Jatuh Cinta
————————
“Karena kejujuran itu penting dan yang paling utama. Bukan tentang seberapa pintarnya dia mengungkapkan, akan tetapi bagaimana dia mengungkapkan dan apa yang dia niatkan dalam kehidupan.”
•••
Sejak kaki Al tepat memasuki kelas sembilan E, mata Ai tak pernah kehilangan jejak pergerakan yang dilakukan Al. Tidak akan Ai biarkan sedetik pun melewatkan pemandangan indah ciptaan Tuhan. Ai bahkan tidak menoleh saat diajak berbicara Zahra dan Zulfa.
Dia benar terkena virus merah jambu dari kemarin. Setan bersorak-sorak ria menyaksikannya. Dirinya semakin jatuh lebih dalam. Memandang Al tanpa henti membuat kekagumannya terus bertambah.
Ciptaan Tuhan yang satu ini nyaris sangat sempurna. Ai dapat menelitinya dengan detail keindahan yang terpancarkannya. Bukannya kalimat istigfar yang keluar dari mulut Ai, namun bunyi ayat ‘fabiayyialairabbikumatukaziban’ yang Ai ucapkan.
Zahra dan Zulfa menggeleng melihat tingkah Ai. Walaupun Zahra berusaha menggerakkan kepala Ai ke arahnya, tapi tetap saja mata Ai tak menatapnya.
“Ih Ai, lu disantet apa si sama Ustadz Al sampe gini amat, udah kali natapnya,” decak Zahra. Ai mengabaikan perkataan Zahra dan tetap fokus menatap Al.
“Baik, cukup sampai di sini pertemuan kita kali ini, wassalamu’alaikum warahmatullahi wabarakatuh,” tutup Al.
Setelah menjawab salam seluruh siswa keluar kelas. Sementara kaki Ai beralih melangkah ke arah Al yang sedang sibuk merapikan kertas-kertas berserakan dari siswa. Zahra dan Zulfa tak menyadari Ai berhenti mengikutinya.

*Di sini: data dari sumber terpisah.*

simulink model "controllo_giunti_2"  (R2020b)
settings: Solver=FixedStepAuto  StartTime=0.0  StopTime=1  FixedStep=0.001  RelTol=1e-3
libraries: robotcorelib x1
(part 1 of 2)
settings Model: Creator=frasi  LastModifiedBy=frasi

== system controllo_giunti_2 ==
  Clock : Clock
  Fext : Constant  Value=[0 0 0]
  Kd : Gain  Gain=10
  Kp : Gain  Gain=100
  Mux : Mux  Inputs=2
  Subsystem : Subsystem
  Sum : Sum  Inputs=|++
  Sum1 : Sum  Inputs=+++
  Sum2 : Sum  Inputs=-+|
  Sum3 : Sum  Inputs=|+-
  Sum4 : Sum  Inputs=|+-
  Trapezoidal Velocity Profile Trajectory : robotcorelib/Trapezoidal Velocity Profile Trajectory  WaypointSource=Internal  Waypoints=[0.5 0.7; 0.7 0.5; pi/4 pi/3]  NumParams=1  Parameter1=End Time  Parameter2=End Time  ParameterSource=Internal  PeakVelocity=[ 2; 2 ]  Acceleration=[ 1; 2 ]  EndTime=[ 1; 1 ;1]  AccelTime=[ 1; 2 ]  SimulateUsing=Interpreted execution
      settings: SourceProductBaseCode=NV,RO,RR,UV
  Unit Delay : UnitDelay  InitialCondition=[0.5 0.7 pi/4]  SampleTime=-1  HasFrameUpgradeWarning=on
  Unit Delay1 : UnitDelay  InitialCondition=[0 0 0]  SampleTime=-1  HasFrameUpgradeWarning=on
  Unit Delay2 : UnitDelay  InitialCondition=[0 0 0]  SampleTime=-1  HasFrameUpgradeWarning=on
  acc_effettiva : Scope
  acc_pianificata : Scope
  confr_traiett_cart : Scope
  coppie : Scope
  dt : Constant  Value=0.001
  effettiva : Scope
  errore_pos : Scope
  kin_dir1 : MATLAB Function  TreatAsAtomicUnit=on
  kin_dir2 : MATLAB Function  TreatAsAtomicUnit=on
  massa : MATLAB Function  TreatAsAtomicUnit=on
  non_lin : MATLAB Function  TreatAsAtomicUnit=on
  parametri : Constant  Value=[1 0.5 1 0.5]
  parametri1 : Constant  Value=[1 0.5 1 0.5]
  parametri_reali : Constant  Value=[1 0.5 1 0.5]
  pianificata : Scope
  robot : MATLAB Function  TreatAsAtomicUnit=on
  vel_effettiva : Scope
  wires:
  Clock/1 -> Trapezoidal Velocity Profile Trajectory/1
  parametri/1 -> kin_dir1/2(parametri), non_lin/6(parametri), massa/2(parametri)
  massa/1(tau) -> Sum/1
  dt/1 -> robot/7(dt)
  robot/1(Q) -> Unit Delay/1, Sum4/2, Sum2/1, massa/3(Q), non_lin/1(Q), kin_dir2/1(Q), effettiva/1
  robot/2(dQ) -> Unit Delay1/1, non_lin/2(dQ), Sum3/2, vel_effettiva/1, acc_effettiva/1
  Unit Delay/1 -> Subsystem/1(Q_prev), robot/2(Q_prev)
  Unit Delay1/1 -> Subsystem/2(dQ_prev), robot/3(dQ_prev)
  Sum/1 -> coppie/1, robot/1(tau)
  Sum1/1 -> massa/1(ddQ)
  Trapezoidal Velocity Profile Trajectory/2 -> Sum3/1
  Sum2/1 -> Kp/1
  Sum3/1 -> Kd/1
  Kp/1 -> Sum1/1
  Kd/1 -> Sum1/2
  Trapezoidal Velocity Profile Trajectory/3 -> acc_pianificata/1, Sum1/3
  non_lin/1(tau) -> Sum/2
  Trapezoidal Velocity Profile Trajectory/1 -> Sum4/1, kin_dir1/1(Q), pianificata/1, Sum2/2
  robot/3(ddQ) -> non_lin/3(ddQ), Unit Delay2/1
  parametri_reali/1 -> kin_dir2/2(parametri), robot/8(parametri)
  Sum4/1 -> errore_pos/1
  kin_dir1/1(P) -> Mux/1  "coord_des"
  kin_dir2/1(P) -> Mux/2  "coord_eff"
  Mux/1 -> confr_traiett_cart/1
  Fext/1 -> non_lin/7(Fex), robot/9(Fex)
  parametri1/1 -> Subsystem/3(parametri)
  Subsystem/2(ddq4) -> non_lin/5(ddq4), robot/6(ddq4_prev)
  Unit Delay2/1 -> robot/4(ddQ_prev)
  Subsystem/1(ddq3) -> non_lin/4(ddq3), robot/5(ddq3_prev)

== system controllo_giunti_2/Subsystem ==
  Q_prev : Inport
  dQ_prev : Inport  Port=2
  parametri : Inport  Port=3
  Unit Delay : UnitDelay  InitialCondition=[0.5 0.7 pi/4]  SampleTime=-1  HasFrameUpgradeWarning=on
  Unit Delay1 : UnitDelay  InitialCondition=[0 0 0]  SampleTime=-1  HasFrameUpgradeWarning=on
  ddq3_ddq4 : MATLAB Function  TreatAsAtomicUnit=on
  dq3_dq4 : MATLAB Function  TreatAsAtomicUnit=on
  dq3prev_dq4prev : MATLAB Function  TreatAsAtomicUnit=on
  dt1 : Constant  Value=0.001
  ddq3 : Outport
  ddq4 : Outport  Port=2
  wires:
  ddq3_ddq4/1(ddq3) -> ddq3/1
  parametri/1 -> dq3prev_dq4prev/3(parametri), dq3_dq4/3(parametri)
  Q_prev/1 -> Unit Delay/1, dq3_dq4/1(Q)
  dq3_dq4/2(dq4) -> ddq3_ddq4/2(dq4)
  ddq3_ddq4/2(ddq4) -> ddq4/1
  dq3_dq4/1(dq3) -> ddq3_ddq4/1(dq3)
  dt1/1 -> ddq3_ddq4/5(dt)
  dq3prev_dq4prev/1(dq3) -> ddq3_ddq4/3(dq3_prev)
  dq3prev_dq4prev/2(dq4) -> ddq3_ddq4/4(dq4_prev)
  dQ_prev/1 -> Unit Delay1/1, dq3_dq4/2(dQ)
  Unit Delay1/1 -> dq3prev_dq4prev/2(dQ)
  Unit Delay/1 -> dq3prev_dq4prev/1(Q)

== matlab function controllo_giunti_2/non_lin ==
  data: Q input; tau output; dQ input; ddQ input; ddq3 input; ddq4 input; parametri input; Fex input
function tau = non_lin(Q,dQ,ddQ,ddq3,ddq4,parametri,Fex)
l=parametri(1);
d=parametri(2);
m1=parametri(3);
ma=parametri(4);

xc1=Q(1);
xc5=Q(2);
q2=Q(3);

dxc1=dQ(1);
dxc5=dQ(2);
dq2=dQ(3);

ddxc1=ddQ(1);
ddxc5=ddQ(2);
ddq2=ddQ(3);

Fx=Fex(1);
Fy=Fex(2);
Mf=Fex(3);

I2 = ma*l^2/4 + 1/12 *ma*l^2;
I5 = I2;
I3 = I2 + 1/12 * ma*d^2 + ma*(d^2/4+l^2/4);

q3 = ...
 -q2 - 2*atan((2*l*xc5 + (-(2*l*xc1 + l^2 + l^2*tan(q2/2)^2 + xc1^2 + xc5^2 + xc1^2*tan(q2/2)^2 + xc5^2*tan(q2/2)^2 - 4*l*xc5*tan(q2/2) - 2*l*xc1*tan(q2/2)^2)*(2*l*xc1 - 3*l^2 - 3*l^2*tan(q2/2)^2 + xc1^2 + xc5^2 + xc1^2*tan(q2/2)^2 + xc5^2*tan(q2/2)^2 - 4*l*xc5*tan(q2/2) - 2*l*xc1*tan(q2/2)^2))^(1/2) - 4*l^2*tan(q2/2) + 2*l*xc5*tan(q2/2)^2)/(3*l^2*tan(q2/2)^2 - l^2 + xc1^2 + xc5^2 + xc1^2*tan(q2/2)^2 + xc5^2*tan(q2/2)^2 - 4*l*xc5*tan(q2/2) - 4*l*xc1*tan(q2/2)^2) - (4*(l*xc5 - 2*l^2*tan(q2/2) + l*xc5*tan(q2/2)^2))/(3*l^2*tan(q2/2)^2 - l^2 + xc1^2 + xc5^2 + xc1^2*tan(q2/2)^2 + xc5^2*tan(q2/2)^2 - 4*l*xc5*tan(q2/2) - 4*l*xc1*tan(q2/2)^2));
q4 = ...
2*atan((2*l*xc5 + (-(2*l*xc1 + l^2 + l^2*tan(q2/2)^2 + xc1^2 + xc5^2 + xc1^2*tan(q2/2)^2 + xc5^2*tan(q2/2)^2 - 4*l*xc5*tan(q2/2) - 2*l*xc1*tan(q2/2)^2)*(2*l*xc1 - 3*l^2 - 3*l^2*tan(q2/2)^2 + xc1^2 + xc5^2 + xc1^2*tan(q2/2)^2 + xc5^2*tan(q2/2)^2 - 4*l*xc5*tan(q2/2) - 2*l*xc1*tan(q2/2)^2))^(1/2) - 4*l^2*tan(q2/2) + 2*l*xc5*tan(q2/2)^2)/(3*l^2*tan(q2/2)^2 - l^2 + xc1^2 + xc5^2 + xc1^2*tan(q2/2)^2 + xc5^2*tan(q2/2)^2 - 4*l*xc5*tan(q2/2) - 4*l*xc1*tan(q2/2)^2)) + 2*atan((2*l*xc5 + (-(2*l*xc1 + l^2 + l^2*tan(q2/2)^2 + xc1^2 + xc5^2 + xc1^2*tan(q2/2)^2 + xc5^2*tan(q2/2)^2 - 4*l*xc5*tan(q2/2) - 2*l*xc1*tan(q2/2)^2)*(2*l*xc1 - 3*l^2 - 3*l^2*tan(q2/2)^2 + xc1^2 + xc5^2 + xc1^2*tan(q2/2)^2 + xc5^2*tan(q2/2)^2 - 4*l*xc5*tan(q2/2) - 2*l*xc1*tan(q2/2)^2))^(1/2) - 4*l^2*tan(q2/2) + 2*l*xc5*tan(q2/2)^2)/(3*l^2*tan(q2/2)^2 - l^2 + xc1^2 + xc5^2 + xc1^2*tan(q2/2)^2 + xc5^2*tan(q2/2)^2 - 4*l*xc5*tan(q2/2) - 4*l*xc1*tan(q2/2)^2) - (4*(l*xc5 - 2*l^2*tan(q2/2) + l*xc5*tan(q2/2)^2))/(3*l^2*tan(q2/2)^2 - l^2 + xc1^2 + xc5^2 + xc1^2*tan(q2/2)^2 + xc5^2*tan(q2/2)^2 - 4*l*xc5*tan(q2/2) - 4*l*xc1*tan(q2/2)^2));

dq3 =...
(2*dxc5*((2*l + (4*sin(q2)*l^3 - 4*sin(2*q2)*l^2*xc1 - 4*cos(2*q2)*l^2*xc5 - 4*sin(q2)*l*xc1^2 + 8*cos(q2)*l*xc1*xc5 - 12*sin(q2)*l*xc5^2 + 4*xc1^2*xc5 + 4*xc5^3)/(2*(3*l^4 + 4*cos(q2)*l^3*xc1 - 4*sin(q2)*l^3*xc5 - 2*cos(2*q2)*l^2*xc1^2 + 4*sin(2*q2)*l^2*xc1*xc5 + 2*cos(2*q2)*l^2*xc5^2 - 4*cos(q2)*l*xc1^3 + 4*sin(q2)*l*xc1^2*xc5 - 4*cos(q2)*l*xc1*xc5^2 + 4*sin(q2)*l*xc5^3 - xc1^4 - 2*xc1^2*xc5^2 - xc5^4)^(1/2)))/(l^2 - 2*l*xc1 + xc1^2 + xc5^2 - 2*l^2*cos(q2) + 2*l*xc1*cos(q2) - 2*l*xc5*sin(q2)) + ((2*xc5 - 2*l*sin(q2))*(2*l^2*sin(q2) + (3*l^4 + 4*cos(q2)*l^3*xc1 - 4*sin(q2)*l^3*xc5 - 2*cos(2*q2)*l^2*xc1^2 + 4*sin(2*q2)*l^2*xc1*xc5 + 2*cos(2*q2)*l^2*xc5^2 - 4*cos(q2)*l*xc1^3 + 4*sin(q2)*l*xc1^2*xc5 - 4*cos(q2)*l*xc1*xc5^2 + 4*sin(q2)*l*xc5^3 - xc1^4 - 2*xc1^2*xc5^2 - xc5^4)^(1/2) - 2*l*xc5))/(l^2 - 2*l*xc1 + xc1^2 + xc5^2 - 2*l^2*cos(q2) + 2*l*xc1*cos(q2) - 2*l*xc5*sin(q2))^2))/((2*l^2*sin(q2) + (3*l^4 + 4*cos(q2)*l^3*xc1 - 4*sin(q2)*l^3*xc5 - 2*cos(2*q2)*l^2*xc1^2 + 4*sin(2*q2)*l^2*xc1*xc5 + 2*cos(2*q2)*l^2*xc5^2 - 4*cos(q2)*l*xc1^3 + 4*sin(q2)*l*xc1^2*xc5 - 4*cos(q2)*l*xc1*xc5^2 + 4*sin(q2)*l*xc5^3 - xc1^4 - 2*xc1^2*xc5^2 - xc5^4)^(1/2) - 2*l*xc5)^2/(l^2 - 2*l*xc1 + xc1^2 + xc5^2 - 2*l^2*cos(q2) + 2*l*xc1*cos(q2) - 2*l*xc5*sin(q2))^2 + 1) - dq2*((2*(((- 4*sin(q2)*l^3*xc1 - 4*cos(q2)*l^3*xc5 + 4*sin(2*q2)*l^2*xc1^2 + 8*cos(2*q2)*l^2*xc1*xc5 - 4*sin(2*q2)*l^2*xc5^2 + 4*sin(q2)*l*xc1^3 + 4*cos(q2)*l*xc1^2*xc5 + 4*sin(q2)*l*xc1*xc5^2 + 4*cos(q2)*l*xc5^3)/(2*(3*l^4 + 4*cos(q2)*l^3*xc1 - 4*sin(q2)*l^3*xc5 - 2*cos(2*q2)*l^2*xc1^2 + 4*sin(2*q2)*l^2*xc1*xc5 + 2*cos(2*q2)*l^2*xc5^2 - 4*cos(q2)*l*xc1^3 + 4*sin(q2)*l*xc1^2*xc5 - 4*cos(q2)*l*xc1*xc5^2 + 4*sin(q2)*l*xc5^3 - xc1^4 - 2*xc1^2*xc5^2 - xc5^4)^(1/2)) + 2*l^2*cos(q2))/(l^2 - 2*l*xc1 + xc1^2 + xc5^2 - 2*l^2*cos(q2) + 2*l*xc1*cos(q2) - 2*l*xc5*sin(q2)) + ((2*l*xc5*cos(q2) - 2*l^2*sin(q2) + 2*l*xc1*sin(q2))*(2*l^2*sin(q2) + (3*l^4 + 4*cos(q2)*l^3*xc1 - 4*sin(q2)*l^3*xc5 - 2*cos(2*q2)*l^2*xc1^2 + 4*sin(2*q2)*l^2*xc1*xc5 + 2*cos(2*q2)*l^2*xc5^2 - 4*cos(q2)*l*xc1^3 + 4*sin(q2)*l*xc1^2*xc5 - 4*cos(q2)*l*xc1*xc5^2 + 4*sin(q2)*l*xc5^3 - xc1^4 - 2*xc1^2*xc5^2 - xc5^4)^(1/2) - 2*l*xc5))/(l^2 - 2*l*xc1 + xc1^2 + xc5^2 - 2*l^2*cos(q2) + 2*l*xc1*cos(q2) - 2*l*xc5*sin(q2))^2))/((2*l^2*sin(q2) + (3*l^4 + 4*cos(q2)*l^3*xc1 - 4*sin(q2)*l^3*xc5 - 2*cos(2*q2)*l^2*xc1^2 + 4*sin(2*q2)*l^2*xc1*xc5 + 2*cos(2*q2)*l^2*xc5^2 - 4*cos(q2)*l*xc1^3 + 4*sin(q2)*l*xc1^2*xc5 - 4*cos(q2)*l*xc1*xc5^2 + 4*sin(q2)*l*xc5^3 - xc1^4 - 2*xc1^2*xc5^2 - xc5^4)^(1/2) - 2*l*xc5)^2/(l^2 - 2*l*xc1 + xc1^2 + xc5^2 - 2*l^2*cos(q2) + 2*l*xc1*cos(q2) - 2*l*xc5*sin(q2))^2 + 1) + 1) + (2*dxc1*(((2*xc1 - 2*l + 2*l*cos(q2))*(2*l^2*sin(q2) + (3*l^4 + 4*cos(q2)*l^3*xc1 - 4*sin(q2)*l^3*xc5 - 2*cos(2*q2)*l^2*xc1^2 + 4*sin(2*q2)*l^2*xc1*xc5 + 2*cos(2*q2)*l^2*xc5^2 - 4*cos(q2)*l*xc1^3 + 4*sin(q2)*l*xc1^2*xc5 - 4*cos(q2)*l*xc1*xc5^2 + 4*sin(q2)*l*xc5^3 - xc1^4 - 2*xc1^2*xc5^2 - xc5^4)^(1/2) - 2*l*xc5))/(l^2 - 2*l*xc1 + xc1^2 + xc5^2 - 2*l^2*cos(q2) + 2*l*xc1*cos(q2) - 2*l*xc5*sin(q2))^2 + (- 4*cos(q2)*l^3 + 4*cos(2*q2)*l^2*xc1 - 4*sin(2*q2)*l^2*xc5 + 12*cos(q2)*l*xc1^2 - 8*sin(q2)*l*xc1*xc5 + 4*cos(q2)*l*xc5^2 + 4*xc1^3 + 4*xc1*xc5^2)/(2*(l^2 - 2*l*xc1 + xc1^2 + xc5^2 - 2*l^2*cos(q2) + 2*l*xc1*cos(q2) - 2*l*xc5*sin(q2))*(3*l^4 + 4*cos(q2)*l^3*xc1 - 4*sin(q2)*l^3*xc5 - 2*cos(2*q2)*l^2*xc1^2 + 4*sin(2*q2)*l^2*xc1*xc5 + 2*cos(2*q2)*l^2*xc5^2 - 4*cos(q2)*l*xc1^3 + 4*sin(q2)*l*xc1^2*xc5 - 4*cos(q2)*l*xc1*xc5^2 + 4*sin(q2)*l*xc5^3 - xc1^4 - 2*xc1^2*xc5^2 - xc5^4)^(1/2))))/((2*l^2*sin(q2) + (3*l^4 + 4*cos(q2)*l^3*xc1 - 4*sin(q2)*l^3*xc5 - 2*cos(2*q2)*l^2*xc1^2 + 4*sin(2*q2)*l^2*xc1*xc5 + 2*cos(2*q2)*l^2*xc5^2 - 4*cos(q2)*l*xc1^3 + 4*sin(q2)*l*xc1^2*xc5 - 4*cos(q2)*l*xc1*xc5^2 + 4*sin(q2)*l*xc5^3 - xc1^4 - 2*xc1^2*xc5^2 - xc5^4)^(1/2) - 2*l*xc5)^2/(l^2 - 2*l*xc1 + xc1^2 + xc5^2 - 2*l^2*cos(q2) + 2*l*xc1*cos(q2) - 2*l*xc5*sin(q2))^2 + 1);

“Pak Ustadz,” panggil Ai seraya mengulurkan tangan.
Al terlihat mengamati Ai sejenak lalu mengatakan, “Ditusuknya kepala seseorang dengan pasak dari besi, sungguh lebih baik daripada menyentuh wanita yang bukan mahramnya, hadits riwayat Thabrani.”
Ai langsung menganga mendengar jawaban yang keluar dari Al. Dengan polosnya Ai bertanya, “Kenapa, Pak?”
“Kamu baru saja meminta untuk bersalaman,” jawab Al.
Ai berusaha mencerna perkataan Al. Setelah mengerti maksudnya, Ai spontan tertawa. “Ooh ini Ai itu mau bantuin Pak Ustadz bawain kertas, bukan mau salim,” ujar Ai masih terkekeh.
“Oh engh .. ini,” kata Al sambil menyerahkan beberapa tumpukan kertas, dirinya seperti ingin menolak tapi tidak jadi. Tingkahnya terlihat sekali sedang salting alias salah tingkah.
Al memasang wajah datar lalu berjalan meninggalkan Ai yang masih tertawa. Ai mengikutinya di belakang sambil terkekeh menahan tawa. Dia tidak menyangka seorang “Pak Ustadz” dapat dengan percaya dirinya mengira Ai ingin mengajak berjabat tangan.
Di tengah perjalanan tiba-tiba langkah Ai dihentikan oleh seseorang. “Eits ngapain, lu. Sini biar gua aja,” kata Bianca langsung menyerobot kertas yang Ai bawa.
“Ih apaan sih lo! Dateng-dateng main rebut kertas milik orang,” balas Ai.
Bianca malah menirukan Ai saat sedang berbicara. “Udah biar gua aja yang bantuin Ustadz Al, lagian lo nolong juga karena ada maunya kan? Alias modus seribu cara,” kata Bianca membuat Ai bungkam.
KAMU SEDANG MEMBACA
Part of Fisabilillah [On Going]
Teen FictionAiniya mengalami perubahan drastis karena sering berpindah tempat tinggal mengikuti orang tuanya. Mereka pindah dikarenakan urusan pekerjaan. Hingga abinya pun memutuskan untuk menetap di Jakarta dan meninggalkan kampungnya di Bandung. Sifatnya sela...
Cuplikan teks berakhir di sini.